1. Reload Data: Reload the data. The dataset should now reflect the new column order as specified in the import YAML.

These steps ensure that the column order in your dataset matches your specifications.

**Another approach** to reorder columns is to use the `add_map` function. For instance, to rearrange ‘column1’, ‘column2’, and ‘column3’, you can proceed as follows:

```py
# Define the data source and reorder columns using add_map
my_resource = resource().add_map(lambda row: {
    'column3': row['column3'],
    'column1': row['column1'],
    'column2': row['column2']
})

# Run the pipeline
load_info = pipeline.run(my_resource)
```

In this example, the `add_map` function reorders columns by defining a new mapping. The lambda function specifies the desired order by rearranging the key-value pairs. When the pipeline runs, the data will load with the columns in the new order.

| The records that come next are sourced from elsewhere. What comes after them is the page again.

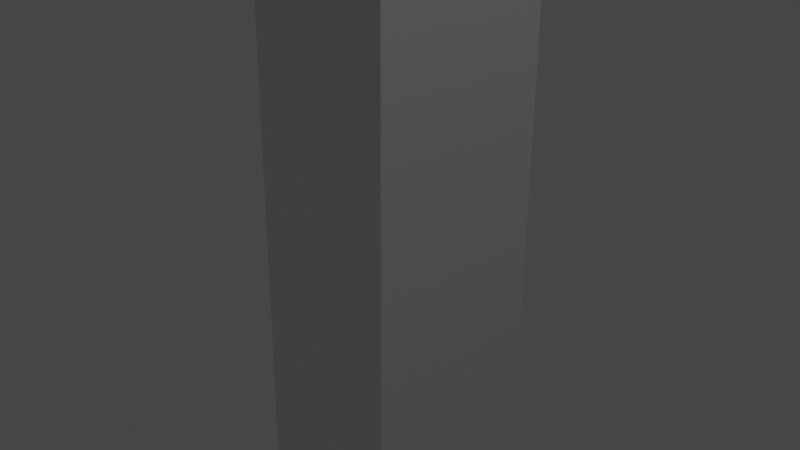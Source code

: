 # Source: MainWand.blend  (saved by Blender 2.90.8; exported with 4.5.12 LTS)
import bpy
from mathutils import Matrix  # noqa: F401  (used for matrix-valued properties, if any)

bpy.ops.wm.read_factory_settings(use_empty=True)
scene = bpy.context.scene
scene.name = 'Scene'

# ---- collections
col_collection = bpy.data.collections.new('Collection'); scene.collection.children.link(col_collection)

# ---- materials (node trees are filled in below, after node groups)
mat_material = bpy.data.materials.new('Material')
mat_material.alpha_threshold = 0.0
mat_material.use_transparent_shadow = False
mat_material.line_color = (0.0, 0.0, 0.0, 1.0)
mat_material_001 = bpy.data.materials.new('Material.001')
mat_material_001.alpha_threshold = 0.0
mat_material_001.use_transparent_shadow = False
mat_material_001.line_color = (0.0, 0.0, 0.0, 1.0)

# ---- material node trees
mat_material.use_nodes = True; mat_material.node_tree.nodes.clear()
_N = mat_material.node_tree.nodes; _L = mat_material.node_tree.links
n0 = _N.new('ShaderNodeOutputMaterial'); n0.name = 'Material Output'; n0.location = (300, 300)
n1 = _N.new('ShaderNodeBsdfPrincipled'); n1.name = 'Principled BSDF'; n1.location = (10, 300)
n1.distribution = 'GGX'
n1.subsurface_method = 'BURLEY'
n1.inputs[2].default_value = 0.4
n1.inputs[3].default_value = 1.45
n1.inputs[27].default_value = (0.0, 0.0, 0.0, 1.0)
n1.inputs[28].default_value = 1.0
_L.new(n1.outputs[0], n0.inputs[0])
n0.is_active_output = True
mat_material_001.use_nodes = True; mat_material_001.node_tree.nodes.clear()
_N = mat_material_001.node_tree.nodes; _L = mat_material_001.node_tree.links
n0 = _N.new('ShaderNodeOutputMaterial'); n0.name = 'Material Output'; n0.location = (300, 300)
n1 = _N.new('ShaderNodeBsdfPrincipled'); n1.name = 'Principled BSDF'; n1.location = (10, 300)
n1.distribution = 'GGX'
n1.subsurface_method = 'BURLEY'
n1.inputs[2].default_value = 0.4
n1.inputs[3].default_value = 1.45
n1.inputs[27].default_value = (0.0, 0.0, 0.0, 1.0)
n1.inputs[28].default_value = 1.0
_L.new(n1.outputs[0], n0.inputs[0])
n0.is_active_output = True

# ---- world
world_world = bpy.data.worlds.new('World'); scene.world = world_world
world_world.use_nodes = True; world_world.node_tree.nodes.clear()
_N = world_world.node_tree.nodes; _L = world_world.node_tree.links
n0 = _N.new('ShaderNodeOutputWorld'); n0.name = 'World Output'; n0.location = (300, 300)
n1 = _N.new('ShaderNodeBackground'); n1.name = 'Background'; n1.location = (10, 300)
n1.inputs[0].default_value = (0.05088, 0.05088, 0.05088, 1.0)
_L.new(n1.outputs[0], n0.inputs[0])
n0.is_active_output = True
world_world.color = (0.05088, 0.05088, 0.05088)
world_world.use_sun_shadow = False
world_world.sun_shadow_jitter_overblur = 0.0

# ---- cameras
cam_camera = bpy.data.cameras.new('Camera')
cam_camera.clip_end = 100.0
cam_camera.ortho_scale = 7.314

# ---- lights
light_light = bpy.data.lights.new('Light', 'POINT')
light_light.transmission_factor = 0.0
light_light.energy = 1000.0
light_light.shadow_soft_size = 0.1
light_light.shadow_maximum_resolution = 0.006
light_light.use_absolute_resolution = True

# ---- meshes
me_cube = bpy.data.meshes.new('Cube')
me_cube.from_pydata([(1.0, 1.0, 1.0), (1.0, 1.0, -1.0), (1.0, -1.0, 1.0), (1.0, -1.0, -1.0), (-1.0, 1.0, 1.0), (-1.0, 1.0, -1.0), (-1.0, -1.0, 1.0), (-1.0, -1.0, -1.0)], [], [(0, 4, 6, 2), (3, 2, 6, 7), (7, 6, 4, 5), (5, 1, 3, 7), (1, 0, 2, 3), (5, 4, 0, 1)])
_uv = me_cube.uv_layers.new(name='UVMap')
_uv.uv.foreach_set('vector', [0.625, 0.5, 0.875, 0.5, 0.875, 0.75, 0.625, 0.75, 0.375, 0.75, 0.625, 0.75, 0.625, 1.0, 0.375, 1.0, 0.375, 0.0, 0.625, 0.0, 0.625, 0.25, 0.375, 0.25, 0.125, 0.5, 0.375, 0.5, 0.375, 0.75, 0.125, 0.75, 0.375, 0.5, 0.625, 0.5, 0.625, 0.75, 0.375, 0.75, 0.375, 0.25, 0.625, 0.25, 0.625, 0.5, 0.375, 0.5])
me_cube.materials.append(mat_material)
me_cube.use_remesh_preserve_volume = False
me_cube.use_remesh_preserve_attributes = False
me_cube.use_mirror_vertex_groups = False
me_cube.update()
me_cube_001 = bpy.data.meshes.new('Cube.001')
me_cube_001.from_pydata([(0.889, 0.9693, 1.001), (1.0, 1.0, -1.0), (-0.3389, -0.6633, 1.024), (1.0, -1.0, -1.0), (-0.889, 0.9693, 1.001), (-1.0, 1.0, -1.0), (0.7729, -0.4902, 1.031), (-1.0, -1.0, -1.0)], [], [(0, 4, 6, 2), (3, 2, 6, 7), (7, 6, 4, 5), (5, 1, 3, 7), (1, 0, 2, 3), (5, 4, 0, 1)])
_uv = me_cube_001.uv_layers.new(name='UVMap')
_uv.uv.foreach_set('vector', [0.625, 0.5, 0.875, 0.5, 0.875, 0.75, 0.625, 0.75, 0.375, 0.75, 0.625, 0.75, 0.625, 1.0, 0.375, 1.0, 0.375, 0.0, 0.625, 0.0, 0.625, 0.25, 0.375, 0.25, 0.125, 0.5, 0.375, 0.5, 0.375, 0.75, 0.125, 0.75, 0.375, 0.5, 0.625, 0.5, 0.625, 0.75, 0.375, 0.75, 0.375, 0.25, 0.625, 0.25, 0.625, 0.5, 0.375, 0.5])
me_cube_001.materials.append(mat_material_001)
me_cube_001.use_remesh_preserve_volume = False
me_cube_001.use_remesh_preserve_attributes = False
me_cube_001.use_mirror_vertex_groups = False
me_cube_001.update()

# ---- objects
ob_cube = bpy.data.objects.new('Cube', me_cube)
ob_light = bpy.data.objects.new('Light', light_light)
ob_camera = bpy.data.objects.new('Camera', cam_camera)
ob_cube_001 = bpy.data.objects.new('Cube.001', me_cube_001)

# ---- transforms, parenting, visibility, modifiers, constraints
ob_cube.location = (-0.1251, 0.09065, 0.009607)
ob_cube.rotation_euler = (-0.002231, 0.007038, -0.01041)
ob_cube.scale = (0.882, -1.014, 5.804)
ob_cube.lock_rotations_4d = False
ob_cube.empty_display_type = 'ARROWS'
ob_cube.lineart.crease_threshold = 0.0
ob_light.location = (4.076, 1.005, 15.04)
ob_light.rotation_euler = (0.6503, 0.05522, 1.866)
ob_light.lock_rotations_4d = False
ob_light.empty_display_type = 'ARROWS'
ob_light.color = (0.0, 0.0, 0.0, 0.0)
ob_light.lineart.crease_threshold = 0.0
ob_camera.location = (7.359, -6.926, 4.958)
ob_camera.rotation_euler = (1.109, 0.0, 0.8149)
ob_camera.lock_rotations_4d = False
ob_camera.empty_display_type = 'ARROWS'
ob_camera.color = (0.0, 0.0, 0.0, 0.0)
ob_camera.display_type = 'WIRE'
ob_camera.lineart.crease_threshold = 0.0
ob_cube_001.location = (0.0, 0.0, 9.137)
ob_cube_001.scale = (0.2565, 0.5774, 14.88)
ob_cube_001.lock_rotations_4d = False
ob_cube_001.empty_display_type = 'ARROWS'
ob_cube_001.lineart.crease_threshold = 0.0

# ---- collection membership
col_collection.objects.link(ob_cube)
col_collection.objects.link(ob_light)
col_collection.objects.link(ob_camera)
col_collection.objects.link(ob_cube_001)

# ---- scene / render settings (as saved in the file)
scene.camera = ob_camera
scene.frame_start = 1; scene.frame_end = 250; scene.frame_set(1)
scene.render.engine = 'BLENDER_EEVEE_NEXT'
scene.cycles.use_denoising = False
scene.cycles.samples = 128
scene.cycles.sampling_pattern = 'TABULATED_SOBOL'
scene.cycles.use_adaptive_sampling = False
scene.cycles.use_light_tree = False
scene.view_settings.view_transform = 'Filmic'
bpy.context.view_layer.update()

### Load data as JSON instead of generating nested tables or columns from flattened dicts

In the export schema, you can see that the properties of white and black players got flattened into:

```yaml
white__rating:
  nullable: true
  data_type: bigint
white__result:
  nullable: true
  data_type: text
white__aid:
  nullable: true
  data_type: text
```

For some reason, you'd rather deal with a single JSON (or struct) column. Just declare the `white`
column as `json`, which will instruct `dlt` not to flatten it (or not convert into a nested table in
case of a list). Do the same with the `black` column:

```yaml
players_games:
  columns:
    end_time:
      nullable: true
      data_type: timestamp
    white:
      nullable: false
      data_type: json
    black:
      nullable: false
      data_type: json
```

Run the pipeline script again, and now you can query the `black` and `white` columns with JSON
expressions.

### Add performance hints

Let's say you are done with local experimentation and want to load your data to `BigQuery` instead
of `duckdb`. You'd like to partition your data to save on query costs. The `end_time` column we just
fixed looks like a good candidate.

```yaml
players_games:
  columns:
    end_time:
      nullable: false
      data_type: timestamp
      partition: true
    white:
      nullable: false
      data_type: json
    black:
      nullable: false
      data_type: json
```

:::note
It is possible to adjust schemas in Python, [for example in @dlt.source decorated function](../general-usage/schema.md#schema-is-modified-in-the-source-function-body)
:::

## 4. Keep your import schema

Just add and push the import folder to git. It will be used automatically when cloned. Alternatively,
[bundle such schema with your source](../general-usage/schema.md#attaching-schemas-to-sources).